McAfee won ‘Best Use of AI in Cybersecurity’ at the 2025 A.I. Awards for its Scam Detector. The tool, which McAfee says is the first to automate deepfake, email, and text-scam detection, underscores a consumer-focused defence. The award recognises its bid to counter fast-evolving online fraud.

Scams are at record levels, with one in three US residents reporting victimisation and average losses of $1,500. Threats now range from fake job offers and text messages to AI-generated deepfakes, increasing the pressure on tools that can act in real time across channels.

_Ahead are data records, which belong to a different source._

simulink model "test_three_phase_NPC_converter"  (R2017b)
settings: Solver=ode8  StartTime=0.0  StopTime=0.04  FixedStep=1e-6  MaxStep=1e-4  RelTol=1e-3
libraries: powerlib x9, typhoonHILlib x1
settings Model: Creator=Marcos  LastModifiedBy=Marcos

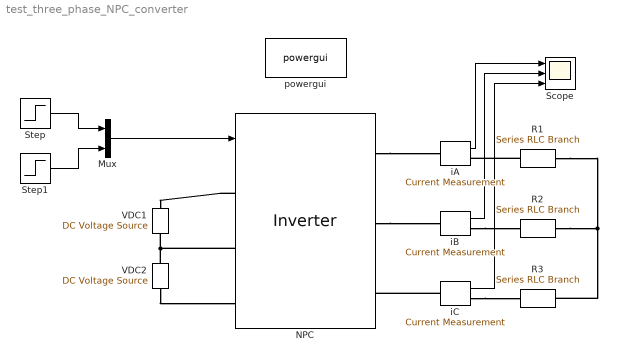
== system test_three_phase_NPC_converter ==
  Mux : Mux  Inputs=2
  NPC : typhoonHILlib/Inverter  InvType=NPC  ThreePhase=on  sa1_logic=Active-high  sa2_logic=Active-high  sa3_logic=Active-high  sa4_logic=Active-high  sa5_logic=Active-high  sa6_logic=Active-high  sb1_logic=Active-high  sb2_logic=Active-high  sb3_logic=Active-high  sb4_logic=Active-high  sb5_logic=Active-high  sb6_logic=Active-high  sc1_logic=Active-high  sc2_logic=Active-high  sc3_logic=Active-high  sc4_logic=Active-high  sc5_logic=Active-high  sc6_logic=Active-high  di_sa1=1  di_sa2=2  di_sa3=3  di_sa4=4  di_sa5=5  di_sa6=6  di_sb1=7  di_sb2=8  di_sb3=9  di_sb4=10  di_sb5=11  di_sb6=12  di_sc1=13  di_sc2=14  di_sc3=15  di_sc4=16  di_sc5=17  di_sc6=18  v_sa1=off  v_sa2=off  v_sa3=off  v_sa4=off  v_sa5=off  v_sa6=off  v_sb1=off  v_sb2=off  v_sb3=off  v_sb4=off  v_sb5=off  v_sb6=off  v_sc1=off  v_sc2=off  v_sc3=off  v_sc4=off  v_sc5=off  v_sc6=off  i_sa1=off  i_sa2=off  i_sa3=off  i_sa4=off  i_sa5=off  i_sa6=off  i_sb1=off  i_sb2=off  i_sb3=off  i_sb4=off  i_sb5=off  i_sb6=off  i_sc1=off  i_sc2=off  i_sc3=off  i_sc4=off  i_sc5=off  i_sc6=off  c_clamp=1e-6  v0_clamp=0  r_clamp=1e-4  r_on=0.001  v_f=0  r_s=1e4  c_s=inf  toggle_init=on  toggle_draw=on  model_loaded=off  old_pat=typhoonPatterns/NPC Inverter  old_size=140,215
      settings: SourceProductName=Typhoon HIL
  R1 : powerlib/Elements/Series RLC Branch  LConnTagsString=__new0  RConnTagsString=__new0  BranchType=R  Resistance=10  Inductance=1e-3  SetiL0=off  InitialCurrent=0  Capacitance=1e-6  Setx0=off  InitialVoltage=0  Measurements=None
  R2 : powerlib/Elements/Series RLC Branch  LConnTagsString=__new0  RConnTagsString=__new0  BranchType=R  Resistance=10  Inductance=1e-3  SetiL0=off  InitialCurrent=0  Capacitance=1e-6  Setx0=off  InitialVoltage=0  Measurements=None
  R3 : powerlib/Elements/Series RLC Branch  LConnTagsString=__new0  RConnTagsString=__new0  BranchType=R  Resistance=10  Inductance=1e-3  SetiL0=off  InitialCurrent=0  Capacitance=1e-6  Setx0=off  InitialVoltage=0  Measurements=None
  Scope : Scope  NumInputPorts=3
  Step : Step  Time=0.01  Before=[0 0 0 0 0 0 0 0 0 0]  After=[1 1 0 0 0 0 1 1 0 0]  SampleTime=0
  Step1 : Step  Time=0.02  Before=[0 0]  After=[1 1]  SampleTime=0
  VDC1 : powerlib/Electrical Sources/DC Voltage Source  Amplitude=75  Measurements=None
  VDC2 : powerlib/Electrical Sources/DC Voltage Source  Amplitude=75  Measurements=None
  iA : powerlib/Measurements/Current Measurement  PhasorSimulation=off  OutputType=Complex  PSBequivalent=0
  iB : powerlib/Measurements/Current Measurement  PhasorSimulation=off  OutputType=Complex  PSBequivalent=0
  iC : powerlib/Measurements/Current Measurement  PhasorSimulation=off  OutputType=Complex  PSBequivalent=0
  powergui : powerlib/powergui  Priority=1  SimulationMode=Discrete  SampleTime=1e-6  frequency=60  Iterations=50  frequencyindice=0  Pbase=100e6  ErrMax=1e-4  UnitsV=kV  UnitsW=MW  buscounter=0  FunctionMessages=off  echomessages=off  EnableUseOfTLC=off  CurrentSourceSwitches=off  DisableSnubberDevices=off  DisableRonSwitches=off  DisableVfSwitches=off  DisplayEquations=off  SolverType=Tustin/Backward Euler (TBE)  Interpol=off  ExternalGateDelay=off  methode=off  Ts=100  x0status=blocks  SPID=on  SwTol=0  HookPort=off  RestoreLinks=warning  ResistiveCurrentMeasurement=off  Frange=[0:2:500]  Ylog=off  Xlog=on  ShowGrid=off  save=off  variable=ZData  structure=0  ZoomFFT=off  StartTime=0.0  cycles=1  DisplayStyle=1  fundamental=60  FreqAxis=off  MaxFrequency=1000  frequencyindicesteady=1  RmsSteady=1  display=off
  wires:
  Mux/1 -> NPC/1
  Step/1 -> Mux/1
  Step1/1 -> Mux/2
  iA/1 -> Scope/1
  iB/1 -> Scope/2
  iC/1 -> Scope/3
  connections:
  R1/LConn1 -- iA/RConn1
  NPC/RConn1 -- iA/LConn1
  R1/RConn1 -- R2/RConn1 -- R3/RConn1
  NPC/LConn1 -- VDC1/RConn1
  VDC2/LConn1 -- NPC/LConn3
  VDC2/RConn1 -- NPC/LConn2 -- VDC1/LConn1
  iC/LConn1 -- NPC/RConn3
  NPC/RConn2 -- iB/LConn1
  iB/RConn1 -- R2/LConn1
  iC/RConn1 -- R3/LConn1

McAfee’s Scam Detector uses advanced AI to analyse text, email, and video, blocking dangerous links and flagging deepfakes before they cause harm. It is included with core McAfee plans and available on PC, mobile, and web, positioning it as a default layer for everyday protection.

Adoption has been rapid, with the product crossing one million users in its first months, according to the company. Judges praised its proactive protection and emphasis on accuracy and trust, citing its potential to restore user confidence as AI-enabled deception becomes more sophisticated.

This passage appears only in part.